Virtual roots are kept local. If a generated muted root has the same actual frequency as an adjacent real root, it is redundant and can be removed; the zone simply uses the real root. If several generated roots form a contiguous run at the same frequency next to a real note, the whole run can collapse into that real note. The transform does not search the entire song for matching frequencies, because that would create links across unrelated musical regions. Consolidation only happens across adjacent zones where the musical context is continuous.

The Tradeoff That Stays

Pure JI and stable common tones are not always simultaneously achievable. A song with heavy chromatic motion across pitches that share no clean JI relationship will force the optimiser to pick the least-bad path; some drift will remain, just much less of it, and concentrated on the places where the ear notices least. Equal temperament avoids the problem by giving up purity entirely. Root Path Tune negotiates the tradeoff per song, per zone, against the constraint that whatever you hear at a chord change is the smallest possible compromise from both sides.

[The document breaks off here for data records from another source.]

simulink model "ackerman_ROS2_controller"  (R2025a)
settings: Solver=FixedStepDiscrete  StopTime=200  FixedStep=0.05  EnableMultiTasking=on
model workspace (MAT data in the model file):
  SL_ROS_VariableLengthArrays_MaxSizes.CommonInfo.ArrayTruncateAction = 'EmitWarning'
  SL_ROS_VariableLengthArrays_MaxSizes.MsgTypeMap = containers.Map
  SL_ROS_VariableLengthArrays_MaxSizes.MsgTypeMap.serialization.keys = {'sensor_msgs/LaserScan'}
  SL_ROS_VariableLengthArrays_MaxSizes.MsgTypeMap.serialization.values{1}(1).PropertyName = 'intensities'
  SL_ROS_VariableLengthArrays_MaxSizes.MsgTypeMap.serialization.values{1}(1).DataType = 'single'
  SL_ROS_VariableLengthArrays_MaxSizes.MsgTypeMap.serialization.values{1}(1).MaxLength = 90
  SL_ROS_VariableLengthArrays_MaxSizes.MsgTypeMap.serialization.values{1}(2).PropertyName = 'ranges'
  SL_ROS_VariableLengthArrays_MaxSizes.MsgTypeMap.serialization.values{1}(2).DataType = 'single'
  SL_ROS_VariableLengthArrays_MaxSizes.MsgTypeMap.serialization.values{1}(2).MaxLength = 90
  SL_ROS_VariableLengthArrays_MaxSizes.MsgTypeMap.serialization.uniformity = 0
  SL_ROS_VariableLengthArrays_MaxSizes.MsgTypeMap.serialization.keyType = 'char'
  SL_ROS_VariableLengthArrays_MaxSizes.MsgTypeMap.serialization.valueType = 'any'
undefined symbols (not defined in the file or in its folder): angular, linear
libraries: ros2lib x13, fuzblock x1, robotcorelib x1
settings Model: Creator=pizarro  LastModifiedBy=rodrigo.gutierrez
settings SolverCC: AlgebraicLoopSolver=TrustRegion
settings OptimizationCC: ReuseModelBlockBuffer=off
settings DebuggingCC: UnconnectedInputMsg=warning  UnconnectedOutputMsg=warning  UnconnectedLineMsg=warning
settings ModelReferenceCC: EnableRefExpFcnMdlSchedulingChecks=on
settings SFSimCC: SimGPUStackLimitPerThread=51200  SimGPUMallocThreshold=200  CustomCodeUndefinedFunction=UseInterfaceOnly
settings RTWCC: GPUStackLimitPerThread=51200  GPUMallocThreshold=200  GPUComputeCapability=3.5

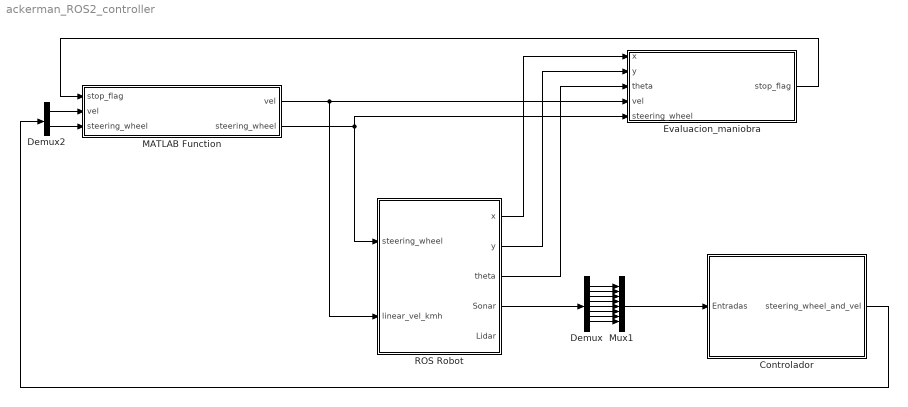
== system ackerman_ROS2_controller ==
  Controlador : Subsystem
  Demux : Demux  Outputs=8
  Demux2 : Demux  Outputs=2
  Evaluacion_maniobra : Subsystem
  MATLAB Function : MATLAB Function  TreatAsAtomicUnit=on
  Mux1 : Mux  Inputs=8
  ROS Robot : Subsystem
  wires:
  ROS Robot/1(x) -> Evaluacion_maniobra/1(x)
  ROS Robot/2(y) -> Evaluacion_maniobra/2(y)
  ROS Robot/3(theta) -> Evaluacion_maniobra/3(theta)
  Controlador/1(steering_wheel_and_vel) -> Demux2/1
  Evaluacion_maniobra/1(stop_flag) -> MATLAB Function/1(stop_flag)
  MATLAB Function/1(vel) -> ROS Robot/2(linear_vel_kmh), Evaluacion_maniobra/4(vel)
  MATLAB Function/2(steering_wheel) -> Evaluacion_maniobra/5(steering_wheel), ROS Robot/1(steering_wheel)
  Demux2/1 -> MATLAB Function/2("vel ")
  Demux2/2 -> MATLAB Function/3("steering_wheel ")
  Mux1/1 -> Controlador/1(Entradas)
  ROS Robot/4(Sonar) -> Demux/1
  Demux/1 -> Mux1/1
  Demux/2 -> Mux1/2
  Demux/3 -> Mux1/3
  Demux/4 -> Mux1/4
  Demux/5 -> Mux1/5
  Demux/6 -> Mux1/6
  Demux/7 -> Mux1/7
  Demux/8 -> Mux1/8

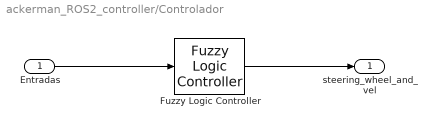
== system ackerman_ROS2_controller/Controlador ==
  Entradas : Inport
  Fuzzy Logic Controller : fuzblock/Fuzzy Logic  Controller  FIS='fuzzy_controller.fis'  OutputSampleNumber=1001  DataType=double  UseLookupTable=off  NumBreakpoints=10  FuzzifiedInputs=off  RuleFiringStrengths=off  RuleOutputs=off  AggregatedOutputs=off  SimulateUsing=Interpreted execution  OutOfRangeInputValueMessage=warning  NoRuleFiredMessage=warning  EmptyOutputFuzzySetMessage=warning
  steering_wheel_and_vel : Outport  VectorParamsAs1DForOutWhenUnconnected=off
  wires:
  Fuzzy Logic Controller/1 -> steering_wheel_and_vel/1
  Entradas/1 -> Fuzzy Logic Controller/1

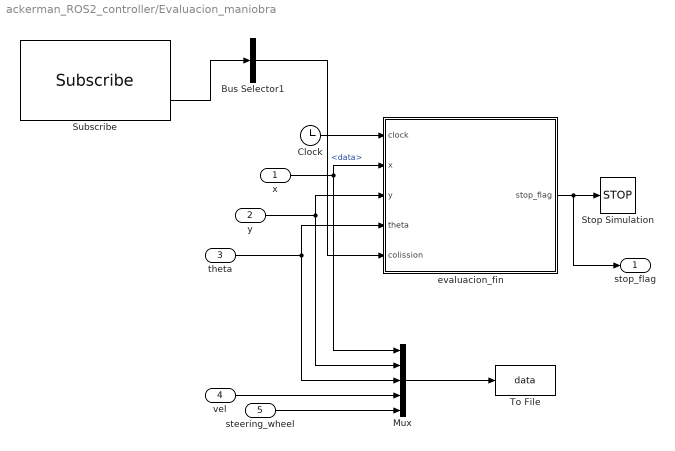
== system ackerman_ROS2_controller/Evaluacion_maniobra ==
  x : Inport
  y : Inport  Port=2
  theta : Inport  Port=3
  vel : Inport  Port=4
  steering_wheel : Inport  Port=5
  Bus Selector1 : BusSelector  OutputSignals=data
  Clock : Clock
  Mux : Mux  Inputs=5
  Stop Simulation : Stop
  Subscribe : ros2lib/Subscribe  topicSource=Select from ROS network  topic=/r0/collision  messageType=std_msgs/Bool  SubscriberMode=At sample time  sampleTime=-1  CallbackGroupType=Default  CallbackGroupName=callback_group_1  QOSHistory=Keep last  QOSDepth=10  QOSReliability=Reliable  QOSDurability=Volatile  QOSDeadline=Inf  QOSLifespan=Inf  QOSLiveliness=Automatic  QOSLeaseDuration=Inf  QOSAvoidROSNamespaceConventions=off
  To File : ToFile  Filename=data  MatrixName=data
  evaluacion_fin : MATLAB Function  TreatAsAtomicUnit=on
  stop_flag : Outport
  wires:
  theta/1 -> Mux/3, evaluacion_fin/4(theta)
  Clock/1 -> evaluacion_fin/1(clock)
  y/1 -> Mux/2, evaluacion_fin/3(y)
  evaluacion_fin/1(stop_flag) -> stop_flag/1, Stop Simulation/1
  Mux/1 -> To File/1
  x/1 -> Mux/1, evaluacion_fin/2(x)
  vel/1 -> Mux/4
  steering_wheel/1 -> Mux/5
  Subscribe/2 -> Bus Selector1/1
  Bus Selector1/1 -> evaluacion_fin/5(colission)  "<data>"

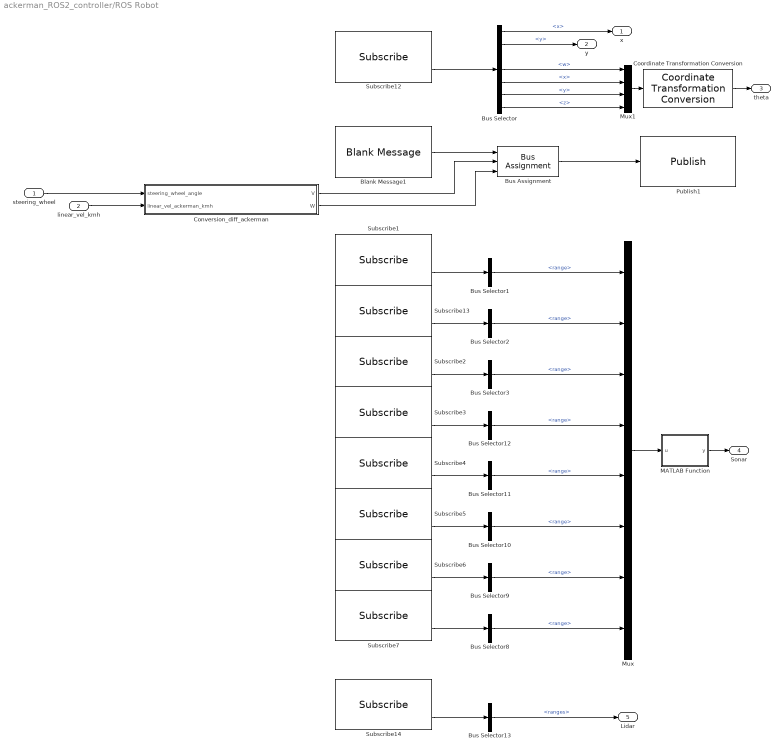
== system ackerman_ROS2_controller/ROS Robot ==
  steering_wheel : Inport
  linear_vel_kmh : Inport  Port=2
  Blank Message1 : ros2lib/Blank Message  messageClass=Message  entityType=geometry_msgs/Twist  messageType=geometry_msgs/Twist  SampleTime=inf
  Bus Assignment : BusAssignment  AssignedSignals=linear.x,angular.z
  Bus Selector : BusSelector  OutputSignals=pose.pose.position.x,pose.pose.position.y,pose.pose.position.z,pose.pose.orientation.w,pose.pose.orientation.x,pose.pose.orientation.y,pose.pose.orientation.z
  Bus Selector{1..3,8..12} (8 alike) : BusSelector  OutputSignals=range
  Bus Selector13 : BusSelector  OutputSignals=ranges
  Conversion_diff_ackerman : MATLAB Function  TreatAsAtomicUnit=on
  Coordinate Transformation Conversion : robotcorelib/Coordinate Transformation Conversion  InputRepresentation=Quaternion  InputEulerSequence=ZYX  ShowTrVecInputPort=on  OutputRepresentation=Euler Angles  OutputEulerSequence=ZYX  ShowTrVecOutputPort=on  SimulateUsing=Interpreted execution
  MATLAB Function : MATLAB Function  TreatAsAtomicUnit=on
  Mux : Mux  Inputs=8
  Mux1 : Mux
  Publish1 : ros2lib/Publish  topicSource=Select from ROS network  topic=/r0/cmd_vel  messageType=geometry_msgs/Twist  QOSHistory=Keep last  QOSDepth=10  QOSReliability=Reliable  QOSDurability=Volatile  QOSDeadline=Inf  QOSLifespan=Inf  QOSLiveliness=Automatic  QOSLeaseDuration=Inf  QOSAvoidROSNamespaceConventions=off
  Subscribe1 : ros2lib/Subscribe  topicSource=Select from ROS network  topic=/r0/sonar0  messageType=sensor_msgs/Range  SubscriberMode=At sample time  sampleTime=-1  CallbackGroupType=Default  CallbackGroupName=callback_group_1  QOSHistory=Keep last  QOSDepth=10  QOSReliability=Reliable  QOSDurability=Volatile  QOSDeadline=Inf  QOSLifespan=Inf  QOSLiveliness=Automatic  QOSLeaseDuration=Inf  QOSAvoidROSNamespaceConventions=off
  Subscribe12 : ros2lib/Subscribe  topicSource=Select from ROS network  topic=/r0/odom  messageType=nav_msgs/Odometry  SubscriberMode=At sample time  sampleTime=-1  CallbackGroupType=Default  CallbackGroupName=callback_group_1  QOSHistory=Keep last  QOSDepth=10  QOSReliability=Reliable  QOSDurability=Volatile  QOSDeadline=Inf  QOSLifespan=Inf  QOSLiveliness=Automatic  QOSLeaseDuration=Inf  QOSAvoidROSNamespaceConventions=off
  Subscribe13 : ros2lib/Subscribe  topicSource=Select from ROS network  topic=/r0/sonar1  messageType=sensor_msgs/Range  SubscriberMode=At sample time  sampleTime=-1  CallbackGroupType=Default  CallbackGroupName=callback_group_1  QOSHistory=Keep last  QOSDepth=10  QOSReliability=Reliable  QOSDurability=Volatile  QOSDeadline=Inf  QOSLifespan=Inf  QOSLiveliness=Automatic  QOSLeaseDuration=Inf  QOSAvoidROSNamespaceConventions=off
  Subscribe14 : ros2lib/Subscribe  topicSource=Select from ROS network  topic=/r0/scan  messageType=sensor_msgs/LaserScan  SubscriberMode=At sample time  sampleTime=-1  CallbackGroupType=Default  CallbackGroupName=callback_group_1  QOSHistory=Keep last  QOSDepth=10  QOSReliability=Reliable  QOSDurability=Volatile  QOSDeadline=Inf  QOSLifespan=Inf  QOSLiveliness=Automatic  QOSLeaseDuration=Inf  QOSAvoidROSNamespaceConventions=off
  Subscribe2 : ros2lib/Subscribe  topicSource=Select from ROS network  topic=/r0/sonar2  messageType=sensor_msgs/Range  SubscriberMode=At sample time  sampleTime=-1  CallbackGroupType=Default  CallbackGroupName=callback_group_1  QOSHistory=Keep last  QOSDepth=10  QOSReliability=Reliable  QOSDurability=Volatile  QOSDeadline=Inf  QOSLifespan=Inf  QOSLiveliness=Automatic  QOSLeaseDuration=Inf  QOSAvoidROSNamespaceConventions=off
  Subscribe3 : ros2lib/Subscribe  topicSource=Select from ROS network  topic=/r0/sonar3  messageType=sensor_msgs/Range  SubscriberMode=At sample time  sampleTime=-1  CallbackGroupType=Default  CallbackGroupName=callback_group_1  QOSHistory=Keep last  QOSDepth=10  QOSReliability=Reliable  QOSDurability=Volatile  QOSDeadline=Inf  QOSLifespan=Inf  QOSLiveliness=Automatic  QOSLeaseDuration=Inf  QOSAvoidROSNamespaceConventions=off
  Subscribe4 : ros2lib/Subscribe  topicSource=Select from ROS network  topic=/r0/sonar4  messageType=sensor_msgs/Range  SubscriberMode=At sample time  sampleTime=-1  CallbackGroupType=Default  CallbackGroupName=callback_group_1  QOSHistory=Keep last  QOSDepth=10  QOSReliability=Reliable  QOSDurability=Volatile  QOSDeadline=Inf  QOSLifespan=Inf  QOSLiveliness=Automatic  QOSLeaseDuration=Inf  QOSAvoidROSNamespaceConventions=off
  Subscribe5 : ros2lib/Subscribe  topicSource=Select from ROS network  topic=/r0/sonar5  messageType=sensor_msgs/Range  SubscriberMode=At sample time  sampleTime=-1  CallbackGroupType=Default  CallbackGroupName=callback_group_1  QOSHistory=Keep last  QOSDepth=10  QOSReliability=Reliable  QOSDurability=Volatile  QOSDeadline=Inf  QOSLifespan=Inf  QOSLiveliness=Automatic  QOSLeaseDuration=Inf  QOSAvoidROSNamespaceConventions=off
  Subscribe6 : ros2lib/Subscribe  topicSource=Select from ROS network  topic=/r0/sonar6  messageType=sensor_msgs/Range  SubscriberMode=At sample time  sampleTime=-1  CallbackGroupType=Default  CallbackGroupName=callback_group_1  QOSHistory=Keep last  QOSDepth=10  QOSReliability=Reliable  QOSDurability=Volatile  QOSDeadline=Inf  QOSLifespan=Inf  QOSLiveliness=Automatic  QOSLeaseDuration=Inf  QOSAvoidROSNamespaceConventions=off
  Subscribe7 : ros2lib/Subscribe  topicSource=Select from ROS network  topic=/r0/sonar7  messageType=sensor_msgs/Range  SubscriberMode=At sample time  sampleTime=-1  CallbackGroupType=Default  CallbackGroupName=callback_group_1  QOSHistory=Keep last  QOSDepth=10  QOSReliability=Reliable  QOSDurability=Volatile  QOSDeadline=Inf  QOSLifespan=Inf  QOSLiveliness=Automatic  QOSLeaseDuration=Inf  QOSAvoidROSNamespaceConventions=off
  x : Outport  VectorParamsAs1DForOutWhenUnconnected=off
  y : Outport  Port=2  VectorParamsAs1DForOutWhenUnconnected=off
  theta : Outport  Port=3  VectorParamsAs1DForOutWhenUnconnected=off
  Sonar : Outport  Port=4  VectorParamsAs1DForOutWhenUnconnected=off
  Lidar : Outport  Port=5  VectorParamsAs1DForOutWhenUnconnected=off
  wires:
  Blank Message1/1 -> Bus Assignment/1
  Subscribe12/2 -> Bus Selector/1
  Bus Assignment/1 -> Publish1/1
  Subscribe1/2 -> Bus Selector1/1
  Conversion_diff_ackerman/1(V) -> Bus Assignment/2
  Conversion_diff_ackerman/2(W) -> Bus Assignment/3
  Subscribe13/2 -> Bus Selector2/1
  Subscribe2/2 -> Bus Selector3/1
  Subscribe4/2 -> Bus Selector11/1
  Subscribe3/2 -> Bus Selector12/1
  Subscribe5/2 -> Bus Selector10/1
  Subscribe6/2 -> Bus Selector9/1
  Bus Selector1/1 -> Mux/1  "<range>"
  Bus Selector2/1 -> Mux/2  "<range>"
  Bus Selector3/1 -> Mux/3  "<range>"
  Bus Selector12/1 -> Mux/4  "<range>"
  Bus Selector11/1 -> Mux/5  "<range>"
  Bus Selector10/1 -> Mux/6  "<range>"
  Bus Selector9/1 -> Mux/7  "<range>"
  Subscribe7/2 -> Bus Selector8/1
  Bus Selector8/1 -> Mux/8  "<range>"
  Mux1/1 -> Coordinate Transformation Conversion/1
  Coordinate Transformation Conversion/1 -> theta/1
  Mux/1 -> MATLAB Function/1(u)
  MATLAB Function/1(y) -> Sonar/1
  linear_vel_kmh/1 -> Conversion_diff_ackerman/2(linear_vel_ackerman_kmh)
  steering_wheel/1 -> Conversion_diff_ackerman/1(steering_wheel_angle)
  Subscribe14/2 -> Bus Selector13/1
  Bus Selector13/1 -> Lidar/1  "<ranges>"
  Bus Selector/1 -> x/1  "<x>"
  Bus Selector/2 -> y/1  "<y>"
  Bus Selector/4 -> Mux1/1  "<w>"
  Bus Selector/5 -> Mux1/2  "<x>"
  Bus Selector/6 -> Mux1/3  "<y>"
  Bus Selector/7 -> Mux1/4  "<z>"

== matlab function ackerman_ROS2_controller/ROS Robot/Conversion_diff_ackerman ==
  data: steering_wheel_angle input; V output; linear_vel_ackerman_kmh input; W output
function [V,W] = fcn(steering_wheel_angle, linear_vel_ackerman_kmh)
V = 0.0;
W = 0.0;
if ~isfinite(steering_wheel_angle) || ~isfinite(linear_vel_ackerman_kmh)
    return;
end
delta = min(45,max(-45,steering_wheel_angle))*pi/180;
V = min(50,max(0,linear_vel_ackerman_kmh))/3.6;
W = V*tan(delta)/0.3302;
end

== matlab function ackerman_ROS2_controller/ROS Robot/MATLAB Function ==
  data: u input; y output
function y = fcn(u)
y = u;
y(isinf(y) & y > 0) = 30;
y(~isfinite(y) | y < 0) = 0;
y = min(y,30);
end

== matlab function ackerman_ROS2_controller/MATLAB Function ==
  data: stop_flag input; vel output; vel input; steering_wheel input; steering_wheel output
function [vel, steering_wheel] = stop(stop_flag,vel,steering_wheel)
if stop_flag || ~isfinite(vel) || ~isfinite(steering_wheel)
    vel = 0.0;
    steering_wheel = 0.0;
else
    vel = min(50,max(0,vel));
    steering_wheel = min(45,max(-45,steering_wheel));
end
end

== matlab function ackerman_ROS2_controller/Evaluacion_maniobra/evaluacion_fin ==
  data: clock input; x input; y input; theta input; stop_flag output; colission input
function stop_flag = evaluacion_fin(clock, x, y, theta, colission)
persistent xAnterior vueltaIniciada
if isempty(xAnterior)
    xAnterior = 0;
    vueltaIniciada = false;
end
if clock == 0
    xAnterior = x;
    vueltaIniciada = false;
end
vueltaIniciada = vueltaIniciada || y > 0;
cruzaMeta = vueltaIniciada && xAnterior < 0 && x >= 0 && ...
    y > -14 && y < -10 && cos(theta(1)) > 0;
stop_flag = double(colission || cruzaMeta);
xAnterior = x;
end

This is not a magic eraser for a 400-year-old problem. It is an honest redistribution of the cost across the moments where the ear notices least. The held melody note stays where you wrote it. The chords lock into the harmonic series. The chord changes carry whatever drift is mathematically unavoidable, smoothed across the points where the music's rhythm and texture cover it.

Pure harmony has been waiting for the algorithm that makes it move. Arbit ships it.